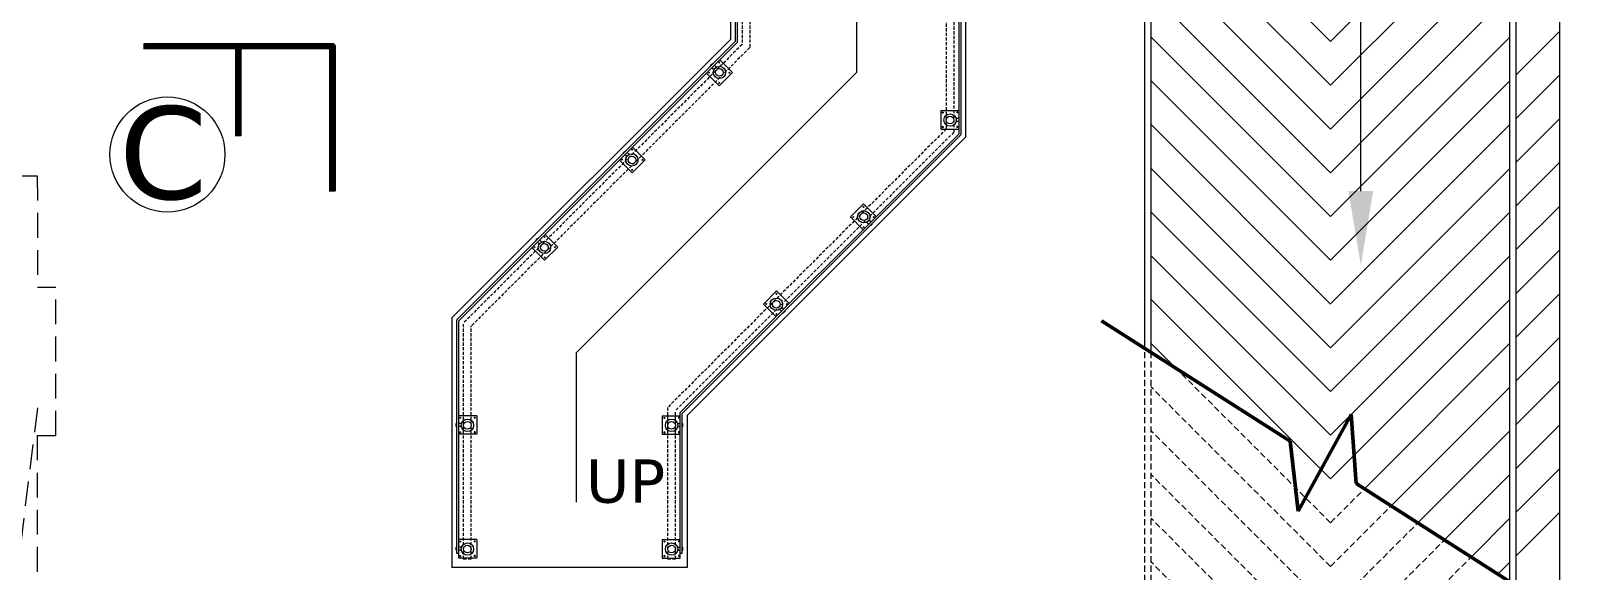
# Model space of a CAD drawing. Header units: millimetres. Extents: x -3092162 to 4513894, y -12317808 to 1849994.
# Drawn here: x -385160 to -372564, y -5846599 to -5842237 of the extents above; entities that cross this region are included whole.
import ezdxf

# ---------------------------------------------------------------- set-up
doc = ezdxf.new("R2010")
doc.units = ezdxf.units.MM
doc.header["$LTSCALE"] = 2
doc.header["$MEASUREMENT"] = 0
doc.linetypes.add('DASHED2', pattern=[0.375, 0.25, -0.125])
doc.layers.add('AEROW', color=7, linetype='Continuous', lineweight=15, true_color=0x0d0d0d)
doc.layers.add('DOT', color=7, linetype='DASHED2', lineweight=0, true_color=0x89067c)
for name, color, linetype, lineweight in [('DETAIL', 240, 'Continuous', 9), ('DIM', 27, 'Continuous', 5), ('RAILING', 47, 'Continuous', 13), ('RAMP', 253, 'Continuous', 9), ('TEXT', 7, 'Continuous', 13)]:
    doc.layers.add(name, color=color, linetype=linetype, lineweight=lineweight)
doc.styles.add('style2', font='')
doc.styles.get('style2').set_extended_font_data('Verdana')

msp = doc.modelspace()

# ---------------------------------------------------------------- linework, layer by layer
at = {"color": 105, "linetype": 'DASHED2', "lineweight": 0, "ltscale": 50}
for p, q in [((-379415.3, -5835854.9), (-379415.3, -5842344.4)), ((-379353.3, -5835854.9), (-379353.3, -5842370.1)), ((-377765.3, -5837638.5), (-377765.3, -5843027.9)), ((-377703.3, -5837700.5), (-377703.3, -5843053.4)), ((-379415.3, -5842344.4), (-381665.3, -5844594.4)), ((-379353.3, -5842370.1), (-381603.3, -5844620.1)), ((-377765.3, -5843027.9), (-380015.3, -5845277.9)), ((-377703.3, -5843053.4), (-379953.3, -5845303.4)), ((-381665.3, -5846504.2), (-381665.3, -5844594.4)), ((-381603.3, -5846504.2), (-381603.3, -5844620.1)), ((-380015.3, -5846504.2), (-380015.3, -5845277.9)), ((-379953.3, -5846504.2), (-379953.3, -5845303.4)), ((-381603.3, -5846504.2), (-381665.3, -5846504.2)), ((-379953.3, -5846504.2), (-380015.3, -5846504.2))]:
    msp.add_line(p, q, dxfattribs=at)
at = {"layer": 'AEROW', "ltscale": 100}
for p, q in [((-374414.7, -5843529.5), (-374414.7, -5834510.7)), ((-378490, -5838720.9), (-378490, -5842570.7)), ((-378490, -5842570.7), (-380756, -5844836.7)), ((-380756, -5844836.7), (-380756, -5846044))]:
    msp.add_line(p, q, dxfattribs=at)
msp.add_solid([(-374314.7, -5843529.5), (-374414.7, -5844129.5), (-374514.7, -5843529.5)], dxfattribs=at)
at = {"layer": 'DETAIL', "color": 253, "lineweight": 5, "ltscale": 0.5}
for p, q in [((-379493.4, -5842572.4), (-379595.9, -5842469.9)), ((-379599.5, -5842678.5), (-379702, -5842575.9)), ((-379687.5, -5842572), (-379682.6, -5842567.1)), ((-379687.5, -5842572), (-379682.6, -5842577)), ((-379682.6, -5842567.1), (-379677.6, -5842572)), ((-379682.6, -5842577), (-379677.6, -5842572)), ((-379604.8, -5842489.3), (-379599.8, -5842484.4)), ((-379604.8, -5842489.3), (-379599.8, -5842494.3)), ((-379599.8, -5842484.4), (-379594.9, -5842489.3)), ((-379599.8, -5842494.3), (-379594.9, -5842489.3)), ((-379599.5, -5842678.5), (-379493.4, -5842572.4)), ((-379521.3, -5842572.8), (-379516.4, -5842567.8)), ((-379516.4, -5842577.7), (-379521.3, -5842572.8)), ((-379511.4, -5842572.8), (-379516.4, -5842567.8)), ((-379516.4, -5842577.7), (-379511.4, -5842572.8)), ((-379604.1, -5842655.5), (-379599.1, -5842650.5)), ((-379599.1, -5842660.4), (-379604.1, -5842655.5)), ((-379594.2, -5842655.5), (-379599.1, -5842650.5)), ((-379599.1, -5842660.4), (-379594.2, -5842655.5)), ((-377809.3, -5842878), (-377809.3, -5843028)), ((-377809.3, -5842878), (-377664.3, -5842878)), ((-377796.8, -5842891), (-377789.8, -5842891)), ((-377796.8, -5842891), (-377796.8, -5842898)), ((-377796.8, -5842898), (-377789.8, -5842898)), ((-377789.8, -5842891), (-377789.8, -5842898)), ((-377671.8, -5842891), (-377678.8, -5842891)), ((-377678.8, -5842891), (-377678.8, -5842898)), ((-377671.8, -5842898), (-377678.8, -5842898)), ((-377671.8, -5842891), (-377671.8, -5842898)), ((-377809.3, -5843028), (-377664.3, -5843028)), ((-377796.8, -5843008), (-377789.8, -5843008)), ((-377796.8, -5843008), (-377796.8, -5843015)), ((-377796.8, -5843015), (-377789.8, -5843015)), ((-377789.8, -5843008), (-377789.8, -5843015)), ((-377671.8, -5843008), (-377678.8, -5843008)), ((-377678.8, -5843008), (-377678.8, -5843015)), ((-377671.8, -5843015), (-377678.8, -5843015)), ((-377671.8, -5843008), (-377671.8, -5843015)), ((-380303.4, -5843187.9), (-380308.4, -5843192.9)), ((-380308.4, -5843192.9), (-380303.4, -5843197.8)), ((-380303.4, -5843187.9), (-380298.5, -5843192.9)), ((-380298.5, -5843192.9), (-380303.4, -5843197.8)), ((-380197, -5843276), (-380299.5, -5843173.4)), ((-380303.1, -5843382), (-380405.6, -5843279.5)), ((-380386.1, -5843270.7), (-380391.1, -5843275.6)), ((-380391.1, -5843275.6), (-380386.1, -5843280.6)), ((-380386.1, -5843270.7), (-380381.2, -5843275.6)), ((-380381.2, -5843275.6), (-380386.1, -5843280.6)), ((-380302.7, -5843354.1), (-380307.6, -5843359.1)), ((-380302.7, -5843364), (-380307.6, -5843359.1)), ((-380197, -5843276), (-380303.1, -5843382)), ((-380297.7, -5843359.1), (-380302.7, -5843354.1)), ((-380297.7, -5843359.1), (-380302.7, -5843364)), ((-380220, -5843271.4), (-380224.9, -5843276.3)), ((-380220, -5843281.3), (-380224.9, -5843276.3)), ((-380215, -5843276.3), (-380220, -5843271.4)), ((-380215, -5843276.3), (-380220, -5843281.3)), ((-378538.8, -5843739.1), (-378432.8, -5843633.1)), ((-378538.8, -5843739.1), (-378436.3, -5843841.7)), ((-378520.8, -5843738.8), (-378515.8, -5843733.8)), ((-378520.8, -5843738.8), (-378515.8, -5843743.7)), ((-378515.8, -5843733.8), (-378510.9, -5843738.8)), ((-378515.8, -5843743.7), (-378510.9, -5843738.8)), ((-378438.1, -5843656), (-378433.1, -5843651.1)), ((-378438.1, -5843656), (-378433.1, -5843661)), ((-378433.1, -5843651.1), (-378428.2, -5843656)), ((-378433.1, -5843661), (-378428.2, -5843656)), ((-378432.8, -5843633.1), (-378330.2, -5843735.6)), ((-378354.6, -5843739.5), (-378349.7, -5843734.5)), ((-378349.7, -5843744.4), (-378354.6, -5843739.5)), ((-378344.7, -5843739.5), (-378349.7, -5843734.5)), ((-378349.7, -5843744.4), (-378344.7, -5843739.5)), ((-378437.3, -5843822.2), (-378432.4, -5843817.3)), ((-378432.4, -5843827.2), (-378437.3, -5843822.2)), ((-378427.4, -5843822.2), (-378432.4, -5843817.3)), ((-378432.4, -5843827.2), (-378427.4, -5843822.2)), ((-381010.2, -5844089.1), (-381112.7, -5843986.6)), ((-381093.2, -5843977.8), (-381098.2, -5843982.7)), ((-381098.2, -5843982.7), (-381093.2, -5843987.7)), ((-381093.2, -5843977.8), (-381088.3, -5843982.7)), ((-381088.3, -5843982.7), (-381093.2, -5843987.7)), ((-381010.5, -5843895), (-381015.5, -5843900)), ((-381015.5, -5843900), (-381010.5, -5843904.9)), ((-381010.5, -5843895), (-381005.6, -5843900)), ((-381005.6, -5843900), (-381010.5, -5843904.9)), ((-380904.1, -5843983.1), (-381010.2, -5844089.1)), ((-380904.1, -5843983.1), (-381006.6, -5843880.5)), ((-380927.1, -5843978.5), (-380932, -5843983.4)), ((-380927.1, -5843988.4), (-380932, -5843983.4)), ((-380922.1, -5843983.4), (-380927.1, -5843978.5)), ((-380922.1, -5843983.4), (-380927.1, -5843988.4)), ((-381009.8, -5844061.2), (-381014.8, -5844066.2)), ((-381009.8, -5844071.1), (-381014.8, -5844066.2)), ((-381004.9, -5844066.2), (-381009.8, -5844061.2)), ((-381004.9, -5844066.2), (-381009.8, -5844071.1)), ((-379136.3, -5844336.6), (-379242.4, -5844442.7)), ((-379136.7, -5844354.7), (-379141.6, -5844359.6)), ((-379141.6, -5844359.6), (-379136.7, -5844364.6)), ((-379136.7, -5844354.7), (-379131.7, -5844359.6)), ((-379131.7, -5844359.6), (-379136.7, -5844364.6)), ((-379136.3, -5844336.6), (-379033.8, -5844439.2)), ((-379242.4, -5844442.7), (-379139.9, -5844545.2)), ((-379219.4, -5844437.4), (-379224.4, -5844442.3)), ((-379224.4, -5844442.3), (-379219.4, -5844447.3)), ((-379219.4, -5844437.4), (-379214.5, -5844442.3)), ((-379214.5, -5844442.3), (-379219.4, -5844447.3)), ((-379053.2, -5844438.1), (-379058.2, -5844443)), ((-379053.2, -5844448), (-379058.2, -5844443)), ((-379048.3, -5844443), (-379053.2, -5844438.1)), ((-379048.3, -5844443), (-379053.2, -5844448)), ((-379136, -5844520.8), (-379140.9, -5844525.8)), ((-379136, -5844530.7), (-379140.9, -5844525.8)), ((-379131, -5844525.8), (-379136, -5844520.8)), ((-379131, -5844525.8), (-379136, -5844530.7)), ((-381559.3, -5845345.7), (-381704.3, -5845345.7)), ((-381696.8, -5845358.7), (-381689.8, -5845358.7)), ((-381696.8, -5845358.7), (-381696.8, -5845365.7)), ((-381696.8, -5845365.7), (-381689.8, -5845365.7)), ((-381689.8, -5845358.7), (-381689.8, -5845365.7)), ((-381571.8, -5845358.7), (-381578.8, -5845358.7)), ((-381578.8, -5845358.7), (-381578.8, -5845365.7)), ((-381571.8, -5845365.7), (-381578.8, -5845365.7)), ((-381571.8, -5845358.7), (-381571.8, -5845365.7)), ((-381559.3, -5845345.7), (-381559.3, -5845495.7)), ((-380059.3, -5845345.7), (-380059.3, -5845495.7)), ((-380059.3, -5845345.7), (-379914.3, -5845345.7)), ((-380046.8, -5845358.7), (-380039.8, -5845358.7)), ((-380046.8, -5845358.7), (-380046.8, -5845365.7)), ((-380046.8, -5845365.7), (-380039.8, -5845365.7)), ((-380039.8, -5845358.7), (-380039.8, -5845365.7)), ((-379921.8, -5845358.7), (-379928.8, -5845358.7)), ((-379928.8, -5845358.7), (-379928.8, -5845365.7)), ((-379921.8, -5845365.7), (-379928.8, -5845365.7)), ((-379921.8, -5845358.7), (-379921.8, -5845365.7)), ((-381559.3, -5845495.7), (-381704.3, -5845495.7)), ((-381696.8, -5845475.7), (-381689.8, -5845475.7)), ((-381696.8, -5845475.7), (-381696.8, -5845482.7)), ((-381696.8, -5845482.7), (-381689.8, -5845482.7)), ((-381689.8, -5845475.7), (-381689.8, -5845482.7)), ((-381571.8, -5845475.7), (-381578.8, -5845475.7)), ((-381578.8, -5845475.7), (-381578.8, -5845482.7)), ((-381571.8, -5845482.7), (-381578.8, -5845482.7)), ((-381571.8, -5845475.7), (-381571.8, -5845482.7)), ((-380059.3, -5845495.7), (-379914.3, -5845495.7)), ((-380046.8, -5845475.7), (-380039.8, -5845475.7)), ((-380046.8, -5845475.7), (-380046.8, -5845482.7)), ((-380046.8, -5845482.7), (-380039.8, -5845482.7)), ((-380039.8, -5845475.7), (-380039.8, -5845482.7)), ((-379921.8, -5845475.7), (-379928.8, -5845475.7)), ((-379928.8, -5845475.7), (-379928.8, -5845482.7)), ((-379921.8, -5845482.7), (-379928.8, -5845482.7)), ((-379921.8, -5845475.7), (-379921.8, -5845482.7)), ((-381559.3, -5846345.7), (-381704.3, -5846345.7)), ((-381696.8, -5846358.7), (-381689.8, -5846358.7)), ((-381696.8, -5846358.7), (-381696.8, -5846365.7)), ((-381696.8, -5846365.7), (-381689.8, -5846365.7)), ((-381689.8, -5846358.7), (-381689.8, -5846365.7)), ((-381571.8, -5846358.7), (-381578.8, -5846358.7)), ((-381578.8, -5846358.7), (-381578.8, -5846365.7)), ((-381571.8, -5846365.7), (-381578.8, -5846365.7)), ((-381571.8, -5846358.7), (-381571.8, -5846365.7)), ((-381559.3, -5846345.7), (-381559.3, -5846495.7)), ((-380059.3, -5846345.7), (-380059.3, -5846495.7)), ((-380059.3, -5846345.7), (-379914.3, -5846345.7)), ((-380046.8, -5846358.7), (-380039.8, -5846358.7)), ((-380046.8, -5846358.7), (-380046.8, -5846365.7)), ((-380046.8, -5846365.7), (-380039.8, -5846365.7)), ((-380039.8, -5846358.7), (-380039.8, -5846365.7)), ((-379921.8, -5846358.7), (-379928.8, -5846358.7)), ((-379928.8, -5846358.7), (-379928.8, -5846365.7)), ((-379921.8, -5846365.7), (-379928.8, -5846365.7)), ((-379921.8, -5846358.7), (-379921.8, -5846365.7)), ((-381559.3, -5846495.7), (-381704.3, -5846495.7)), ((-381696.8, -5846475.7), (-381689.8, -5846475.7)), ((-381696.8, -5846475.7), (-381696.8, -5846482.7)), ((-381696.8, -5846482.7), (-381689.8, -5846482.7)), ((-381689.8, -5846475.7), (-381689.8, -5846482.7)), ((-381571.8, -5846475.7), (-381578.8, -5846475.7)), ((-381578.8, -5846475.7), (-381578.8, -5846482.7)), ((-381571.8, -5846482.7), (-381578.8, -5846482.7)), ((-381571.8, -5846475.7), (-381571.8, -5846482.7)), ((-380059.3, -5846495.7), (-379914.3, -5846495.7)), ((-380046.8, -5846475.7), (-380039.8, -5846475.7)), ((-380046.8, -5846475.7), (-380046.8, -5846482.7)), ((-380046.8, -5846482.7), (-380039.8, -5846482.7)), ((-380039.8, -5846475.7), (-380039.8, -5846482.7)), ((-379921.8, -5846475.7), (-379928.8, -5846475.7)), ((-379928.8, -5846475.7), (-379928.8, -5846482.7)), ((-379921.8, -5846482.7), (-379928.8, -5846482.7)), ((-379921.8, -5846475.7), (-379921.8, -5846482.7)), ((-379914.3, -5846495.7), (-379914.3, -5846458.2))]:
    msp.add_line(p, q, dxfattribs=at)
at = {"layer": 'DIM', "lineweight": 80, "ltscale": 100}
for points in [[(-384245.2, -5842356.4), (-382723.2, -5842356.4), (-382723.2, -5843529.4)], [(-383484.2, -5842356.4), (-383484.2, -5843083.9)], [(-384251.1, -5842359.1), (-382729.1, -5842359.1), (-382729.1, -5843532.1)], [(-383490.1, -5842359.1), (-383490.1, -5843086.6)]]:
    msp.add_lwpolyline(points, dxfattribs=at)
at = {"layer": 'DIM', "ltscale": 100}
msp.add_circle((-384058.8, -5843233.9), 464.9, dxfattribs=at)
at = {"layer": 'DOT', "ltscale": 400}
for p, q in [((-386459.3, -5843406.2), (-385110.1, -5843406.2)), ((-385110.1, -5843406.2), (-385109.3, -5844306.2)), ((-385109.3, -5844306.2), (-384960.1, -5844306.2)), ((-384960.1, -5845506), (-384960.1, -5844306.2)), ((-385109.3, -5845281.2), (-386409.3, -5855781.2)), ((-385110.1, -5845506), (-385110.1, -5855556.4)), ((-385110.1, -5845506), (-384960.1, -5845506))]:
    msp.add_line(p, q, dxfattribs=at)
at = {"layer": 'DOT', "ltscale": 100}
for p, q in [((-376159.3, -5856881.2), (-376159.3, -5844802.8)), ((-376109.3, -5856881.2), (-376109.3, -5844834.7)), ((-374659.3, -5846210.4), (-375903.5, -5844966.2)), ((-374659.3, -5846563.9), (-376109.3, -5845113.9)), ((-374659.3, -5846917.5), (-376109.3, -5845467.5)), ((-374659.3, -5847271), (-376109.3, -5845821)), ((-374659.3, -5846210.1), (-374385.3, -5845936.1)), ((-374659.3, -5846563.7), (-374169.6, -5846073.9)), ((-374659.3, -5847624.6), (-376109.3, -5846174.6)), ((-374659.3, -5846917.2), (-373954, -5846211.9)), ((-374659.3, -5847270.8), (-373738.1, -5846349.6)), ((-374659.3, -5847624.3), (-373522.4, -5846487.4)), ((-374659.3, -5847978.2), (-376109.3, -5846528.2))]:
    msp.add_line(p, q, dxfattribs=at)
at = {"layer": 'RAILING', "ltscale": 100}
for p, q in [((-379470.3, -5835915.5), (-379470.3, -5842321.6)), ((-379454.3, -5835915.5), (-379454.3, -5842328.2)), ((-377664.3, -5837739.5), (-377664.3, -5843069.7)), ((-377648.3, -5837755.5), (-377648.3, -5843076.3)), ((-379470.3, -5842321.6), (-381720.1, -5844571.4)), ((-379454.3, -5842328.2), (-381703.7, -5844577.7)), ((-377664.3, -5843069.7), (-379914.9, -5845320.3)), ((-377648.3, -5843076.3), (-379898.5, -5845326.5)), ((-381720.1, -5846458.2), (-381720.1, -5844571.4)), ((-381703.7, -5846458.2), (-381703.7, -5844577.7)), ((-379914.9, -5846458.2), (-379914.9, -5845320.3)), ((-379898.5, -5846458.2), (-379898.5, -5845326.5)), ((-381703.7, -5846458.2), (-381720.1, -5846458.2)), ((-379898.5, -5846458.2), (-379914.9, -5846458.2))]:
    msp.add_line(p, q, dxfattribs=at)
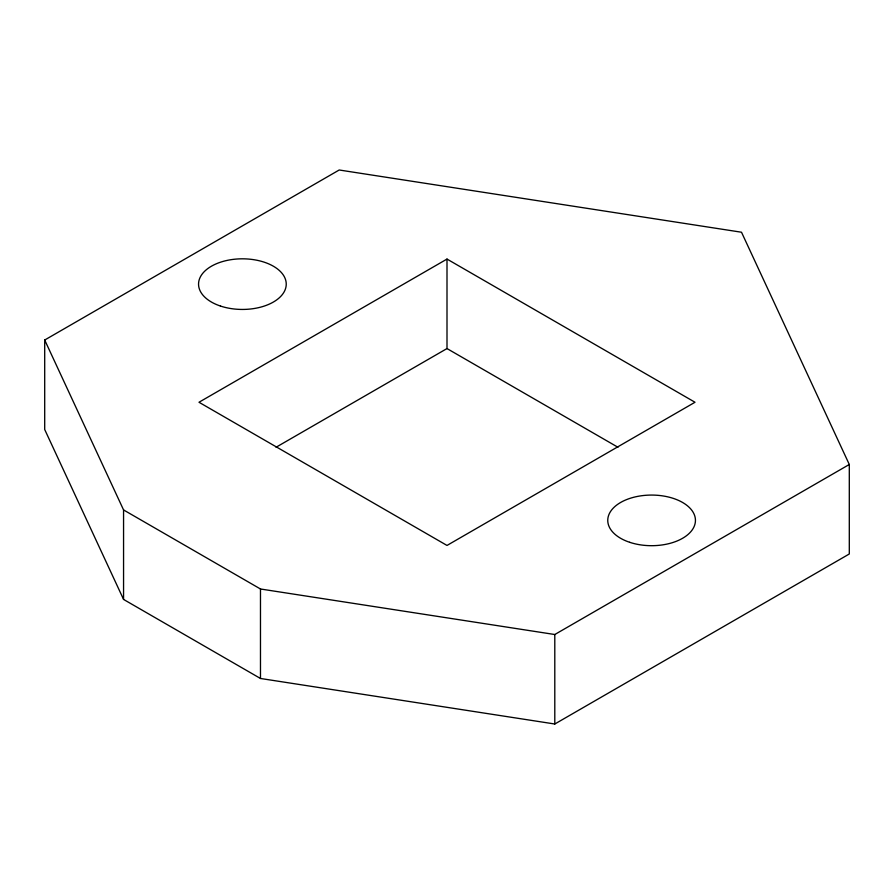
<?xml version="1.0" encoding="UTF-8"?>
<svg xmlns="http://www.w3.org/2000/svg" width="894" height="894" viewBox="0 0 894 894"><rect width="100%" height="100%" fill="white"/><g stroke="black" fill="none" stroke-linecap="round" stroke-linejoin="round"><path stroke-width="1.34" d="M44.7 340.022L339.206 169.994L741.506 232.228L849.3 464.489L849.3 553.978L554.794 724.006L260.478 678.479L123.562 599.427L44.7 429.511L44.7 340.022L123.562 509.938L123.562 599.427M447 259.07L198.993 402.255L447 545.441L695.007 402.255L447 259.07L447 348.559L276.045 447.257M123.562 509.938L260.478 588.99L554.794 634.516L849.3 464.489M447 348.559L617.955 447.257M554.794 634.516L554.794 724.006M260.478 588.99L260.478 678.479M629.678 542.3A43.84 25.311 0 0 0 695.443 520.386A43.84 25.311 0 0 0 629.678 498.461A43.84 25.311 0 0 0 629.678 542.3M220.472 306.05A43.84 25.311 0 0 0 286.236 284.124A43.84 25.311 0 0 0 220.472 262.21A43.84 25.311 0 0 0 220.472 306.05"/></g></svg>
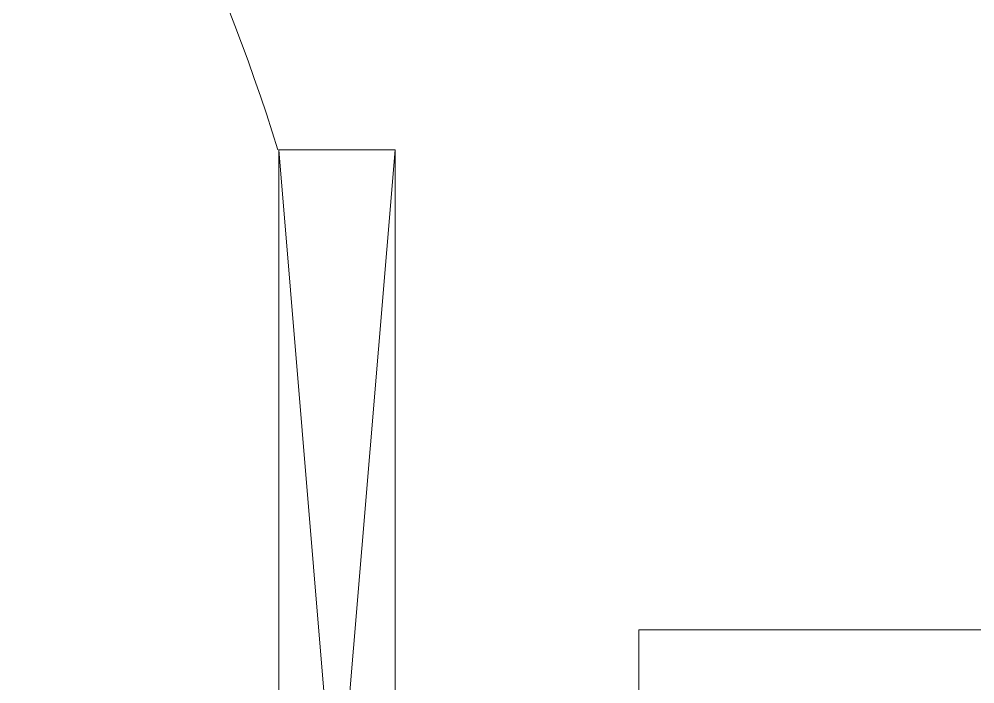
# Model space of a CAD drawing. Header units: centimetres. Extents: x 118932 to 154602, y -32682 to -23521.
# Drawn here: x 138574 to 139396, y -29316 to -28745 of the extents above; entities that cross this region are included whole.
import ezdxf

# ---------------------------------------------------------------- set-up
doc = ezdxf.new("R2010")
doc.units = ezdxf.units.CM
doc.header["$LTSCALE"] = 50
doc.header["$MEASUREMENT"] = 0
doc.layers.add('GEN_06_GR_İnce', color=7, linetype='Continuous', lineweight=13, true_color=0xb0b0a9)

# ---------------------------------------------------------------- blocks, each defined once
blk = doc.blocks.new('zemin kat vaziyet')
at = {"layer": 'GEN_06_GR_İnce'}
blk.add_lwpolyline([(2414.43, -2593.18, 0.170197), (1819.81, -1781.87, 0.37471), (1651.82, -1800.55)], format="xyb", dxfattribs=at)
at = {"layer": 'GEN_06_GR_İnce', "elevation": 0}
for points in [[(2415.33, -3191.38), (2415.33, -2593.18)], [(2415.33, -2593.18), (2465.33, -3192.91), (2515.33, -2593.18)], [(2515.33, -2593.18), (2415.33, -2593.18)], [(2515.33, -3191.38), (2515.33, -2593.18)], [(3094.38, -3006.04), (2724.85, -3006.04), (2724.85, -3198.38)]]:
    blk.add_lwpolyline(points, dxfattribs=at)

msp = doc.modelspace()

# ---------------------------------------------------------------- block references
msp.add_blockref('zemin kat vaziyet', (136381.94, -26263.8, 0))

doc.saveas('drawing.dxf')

○ ○ ○

YOUR OBJECTIVE
Only the lines that contain the string "above" are to be copied from the records.

RESULT
# Drawn here: x -385160 to -372564, y -5846599 to -5842237 of the extents above; entities that cross this region are included whole.
# Drawn here: x 138574 to 139396, y -29316 to -28745 of the extents above; entities that cross this region are included whole.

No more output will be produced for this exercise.